Unless his loss run is huuuuuge.


----------



## Mark Oomkes (Dec 10, 2000)

Mark Oomkes said:


> Unless his loss run is huuuuuge.


I was on my phone and have fat fingers.

If you'll recall, freak not only complained aboot NSP's, he was also complaining aboot slip and falls on a fairly regular basis.


----------



## John_DeereGreen (Jan 2, 2011)

Mark Oomkes said:


> I was on my phone and have fat fingers.
> 
> If you'll recall, freak not only complained aboot NSP's, he was also complaining aboot slip and falls on a fairly regular basis.


Along with overpriced equipment, customers that have unreasonable machine requirements, and several other things that I am failing to remember at this point in time.


----------



## Ramairfreak98ss (Aug 17, 2005)

Mark Oomkes said:


> I was on my phone and have fat fingers.
> 
> If you'll recall, freak not only complained about NSP's, he was also complaining about slip and falls on a fairly regular basis.


Yeah i shut down the lawn/landscape company and last year did snow under our other company instead... the insurance companies won't write snow policies for companies of any size unless they see the losses from the prior company, as no company usually just opens up shop suddenly in the snow business with multiple trucks and equipment. in 2017, our insurance from the lawn company settled 3 slip and falls from January-February 2014. One was 25k, the other $18k and another about $100k... i attended three depositions where they tried to put all the blame on our work, except there's nothing to show we did anything wrong. Insurance attornies then default to how much the personal injury would be worth to a jury and try to settle before then. Because the NSPs you've indemnified THEM, in two cases we were able to prove that it was actually their fault for the issue that may have caused the conditions that led up to the slip and fall, and our insurance still pays out.. we know the drill by now.

So we're technically in worse position 3 years after working with NSPs and a different company name than for the years while we worked for them.

And for anyone thinking $20k is a huge amount, its only huge because you might only bill out $40k or something like that.
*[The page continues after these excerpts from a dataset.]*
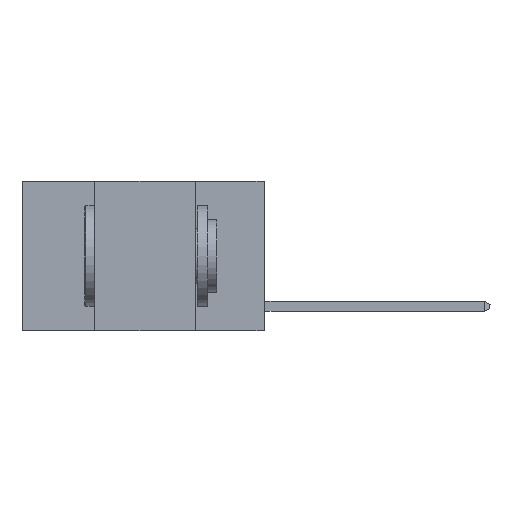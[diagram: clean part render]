
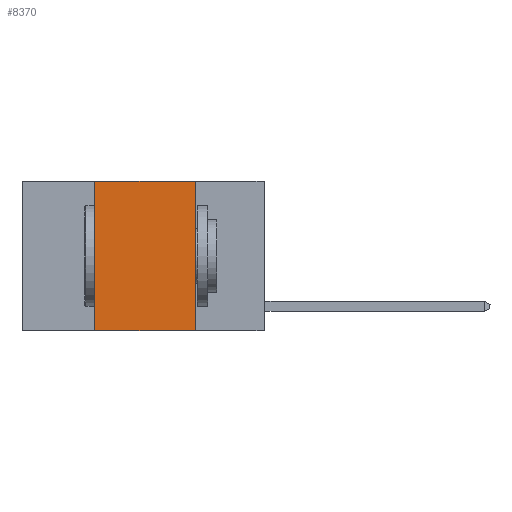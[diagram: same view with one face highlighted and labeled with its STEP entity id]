
A CAD part, left-side view. The second image highlights one B-rep face of the part: STEP entity #8370.
In plain terms, the highlighted planar face has unit normal (-1, 0, 0).
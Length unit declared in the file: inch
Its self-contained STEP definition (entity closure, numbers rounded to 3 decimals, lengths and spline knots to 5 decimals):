
#55 = VERTEX_POINT ( 'NONE', #19611 ) ;
#272 = VECTOR ( 'NONE', #17836, 39.37008 ) ;
#944 = DIRECTION ( 'NONE',  ( 0., 0., -1. ) ) ;
#1489 = EDGE_CURVE ( 'NONE', #20244, #55, #27159, .T. ) ;
#3661 = PLANE ( 'NONE',  #8690 ) ;
#4664 = EDGE_CURVE ( 'NONE', #11094, #55, #16934, .T. ) ;
#4893 = CARTESIAN_POINT ( 'NONE',  ( 0., 0.6, -0.37 ) ) ;
#6095 = CARTESIAN_POINT ( 'NONE',  ( 0., 0.17, 0. ) ) ;
#6717 = VECTOR ( 'NONE', #15281, 39.37008 ) ;
#6950 = VECTOR ( 'NONE', #19027, 39.37008 ) ;
#8370 = ADVANCED_FACE ( 'NONE', ( #12565 ), #3661, .F. ) ;
#8629 = VERTEX_POINT ( 'NONE', #11944 ) ;
#8645 = ORIENTED_EDGE ( 'NONE', *, *, #22342, .F. ) ;
#8690 = AXIS2_PLACEMENT_3D ( 'NONE', #10601, #29089, #944 ) ;
#10601 = CARTESIAN_POINT ( 'NONE',  ( 0., 0.6, 0. ) ) ;
#10788 = LINE ( 'NONE', #22799, #272 ) ;
#11094 = VERTEX_POINT ( 'NONE', #21691 ) ;
#11944 = CARTESIAN_POINT ( 'NONE',  ( 0., 0.42, 0. ) ) ;
#12565 = FACE_OUTER_BOUND ( 'NONE', #29530, .T. ) ;
#15132 = EDGE_CURVE ( 'NONE', #8629, #20244, #10788, .T. ) ;
#15191 = ORIENTED_EDGE ( 'NONE', *, *, #4664, .T. ) ;
#15281 = DIRECTION ( 'NONE',  ( 0., 0., -1. ) ) ;
#16696 = LINE ( 'NONE', #25856, #28477 ) ;
#16934 = LINE ( 'NONE', #4893, #6950 ) ;
#17396 = ORIENTED_EDGE ( 'NONE', *, *, #1489, .F. ) ;
#17836 = DIRECTION ( 'NONE',  ( 0., -1., 0. ) ) ;
#19027 = DIRECTION ( 'NONE',  ( 0., -1., 0. ) ) ;
#19611 = CARTESIAN_POINT ( 'NONE',  ( 0., 0.17, -0.37 ) ) ;
#20244 = VERTEX_POINT ( 'NONE', #25622 ) ;
#21691 = CARTESIAN_POINT ( 'NONE',  ( 0., 0.42, -0.37 ) ) ;
#22342 = EDGE_CURVE ( 'NONE', #11094, #8629, #16696, .T. ) ;
#22799 = CARTESIAN_POINT ( 'NONE',  ( 0., 0.6, 0. ) ) ;
#23591 = DIRECTION ( 'NONE',  ( 0., 0., 1. ) ) ;
#24555 = ORIENTED_EDGE ( 'NONE', *, *, #15132, .F. ) ;
#25622 = CARTESIAN_POINT ( 'NONE',  ( 0., 0.17, 0. ) ) ;
#25856 = CARTESIAN_POINT ( 'NONE',  ( 0., 0.42, 0. ) ) ;
#27159 = LINE ( 'NONE', #6095, #6717 ) ;
#28477 = VECTOR ( 'NONE', #23591, 39.37008 ) ;
#29089 = DIRECTION ( 'NONE',  ( 1., 0., 0. ) ) ;
#29530 = EDGE_LOOP ( 'NONE', ( #17396, #24555, #8645, #15191 ) ) ;
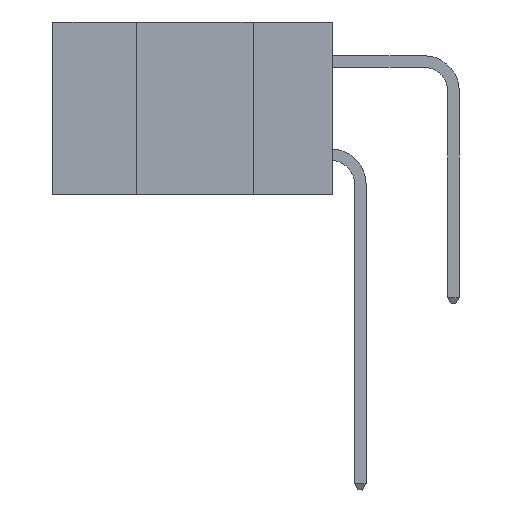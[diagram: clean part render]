
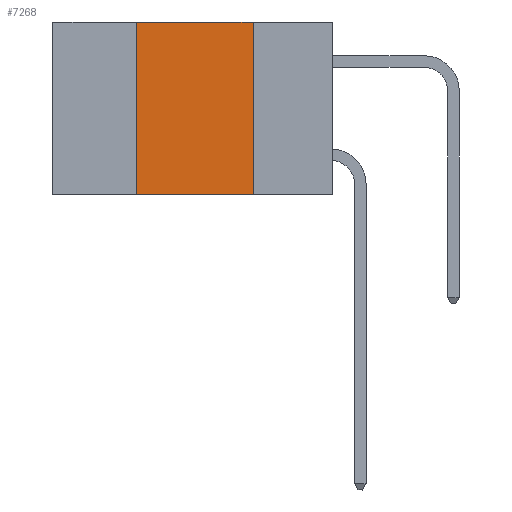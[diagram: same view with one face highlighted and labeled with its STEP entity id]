
A CAD part, left-side view. The second image highlights one B-rep face of the part: STEP entity #7268.
In plain terms, the highlighted planar face has unit normal (-1, 0, 0).
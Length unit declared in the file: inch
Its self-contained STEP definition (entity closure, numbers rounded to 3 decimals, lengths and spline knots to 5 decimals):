
#150 = VECTOR ( 'NONE', #25159, 39.37008 ) ;
#874 = ORIENTED_EDGE ( 'NONE', *, *, #3410, .F. ) ;
#1121 = VERTEX_POINT ( 'NONE', #25293 ) ;
#1681 = EDGE_CURVE ( 'NONE', #18792, #2632, #25010, .T. ) ;
#1862 = VECTOR ( 'NONE', #8728, 39.37008 ) ;
#2537 = CARTESIAN_POINT ( 'NONE',  ( 0., 0.17, 0. ) ) ;
#2632 = VERTEX_POINT ( 'NONE', #2537 ) ;
#2725 = CARTESIAN_POINT ( 'NONE',  ( 0., 0.6, -0.37 ) ) ;
#3212 = LINE ( 'NONE', #18795, #1862 ) ;
#3410 = EDGE_CURVE ( 'NONE', #1121, #18792, #16059, .T. ) ;
#3985 = VERTEX_POINT ( 'NONE', #13858 ) ;
#6534 = ORIENTED_EDGE ( 'NONE', *, *, #7654, .T. ) ;
#7268 = ADVANCED_FACE ( 'NONE', ( #9402 ), #22208, .F. ) ;
#7654 = EDGE_CURVE ( 'NONE', #1121, #3985, #16673, .T. ) ;
#8013 = CARTESIAN_POINT ( 'NONE',  ( 0., 0.6, 0. ) ) ;
#8728 = DIRECTION ( 'NONE',  ( 0., 0., -1. ) ) ;
#9402 = FACE_OUTER_BOUND ( 'NONE', #23590, .T. ) ;
#10633 = VECTOR ( 'NONE', #25107, 39.37008 ) ;
#12085 = DIRECTION ( 'NONE',  ( 0., 0., -1. ) ) ;
#13128 = EDGE_CURVE ( 'NONE', #2632, #3985, #3212, .T. ) ;
#13858 = CARTESIAN_POINT ( 'NONE',  ( 0., 0.17, -0.37 ) ) ;
#16059 = LINE ( 'NONE', #25653, #10633 ) ;
#16089 = ORIENTED_EDGE ( 'NONE', *, *, #1681, .F. ) ;
#16673 = LINE ( 'NONE', #2725, #150 ) ;
#18730 = CARTESIAN_POINT ( 'NONE',  ( 0., 0.42, 0. ) ) ;
#18792 = VERTEX_POINT ( 'NONE', #18730 ) ;
#18795 = CARTESIAN_POINT ( 'NONE',  ( 0., 0.17, 0. ) ) ;
#19610 = VECTOR ( 'NONE', #24838, 39.37008 ) ;
#20156 = ORIENTED_EDGE ( 'NONE', *, *, #13128, .F. ) ;
#20502 = CARTESIAN_POINT ( 'NONE',  ( 0., 0.6, 0. ) ) ;
#22208 = PLANE ( 'NONE',  #25425 ) ;
#23590 = EDGE_LOOP ( 'NONE', ( #20156, #16089, #874, #6534 ) ) ;
#24212 = DIRECTION ( 'NONE',  ( 1., 0., 0. ) ) ;
#24838 = DIRECTION ( 'NONE',  ( 0., -1., 0. ) ) ;
#25010 = LINE ( 'NONE', #20502, #19610 ) ;
#25107 = DIRECTION ( 'NONE',  ( 0., 0., 1. ) ) ;
#25159 = DIRECTION ( 'NONE',  ( 0., -1., 0. ) ) ;
#25293 = CARTESIAN_POINT ( 'NONE',  ( 0., 0.42, -0.37 ) ) ;
#25425 = AXIS2_PLACEMENT_3D ( 'NONE', #8013, #24212, #12085 ) ;
#25653 = CARTESIAN_POINT ( 'NONE',  ( 0., 0.42, 0. ) ) ;

Generally in NJ at least, you'll pay a minimum of 16-20% of your gross sales.. thats zero slip and falls in 5 years past, asca insurance etc.... anything other and goes up from there, maybe 40%

So 20% of 
$100k gross sales is $20k
$200k is $40k
$300k is 60k
$400k is 80k
$500k is 100k

It used to be this way however now it seems to be double or triple of those amounts. The $100k rates we were quoted wern't even on every account, it was ONLY for two new accounts we are picking up directly, or attempting to, where i estimate gross sales would be between $140-200k. So thats 50% of your gross sales and higher for just the snow plow insurance.

We still have workers comp at about 8% in NJ for "snow services" which ironically is lower than landscaping, sales taxes of 6.85% now, General Liability which is minimal but still $3-5k per year and commercial auto which rates somewhere between $2000-2300 per F150 truck and less for a diesel F350 usually and just a bit more for a more expensive F550 dump truck.. F150s i assume are more liability as it was explained because theyr'e crashed and stolen more often.. go figure.

Our auto policy is about $25k per year or $2100~ a month avg.

Then you still pay employees, nj Dept of labor taxes, federal taxes all that crap, overhead, profit and income taxes. So yeah i generally laugh when i hear guys bidding at $110/hr for a pickup and $120/hr for a skid steer and $35/hr for a laborer rates because thats $1100 for TEN hours of truck plowing where i'd better bill out $2-3k or more for the same work here.

We've signed both these new snow contracts for skid steer rates with 4hr minimums for loading, stacking with or without a 8' pushbox on site for $205 and $210 an hour...yet i've seen some competitor bids at $85/$115 and $130/hr without a single fee to transport to/from site or hourly minimums.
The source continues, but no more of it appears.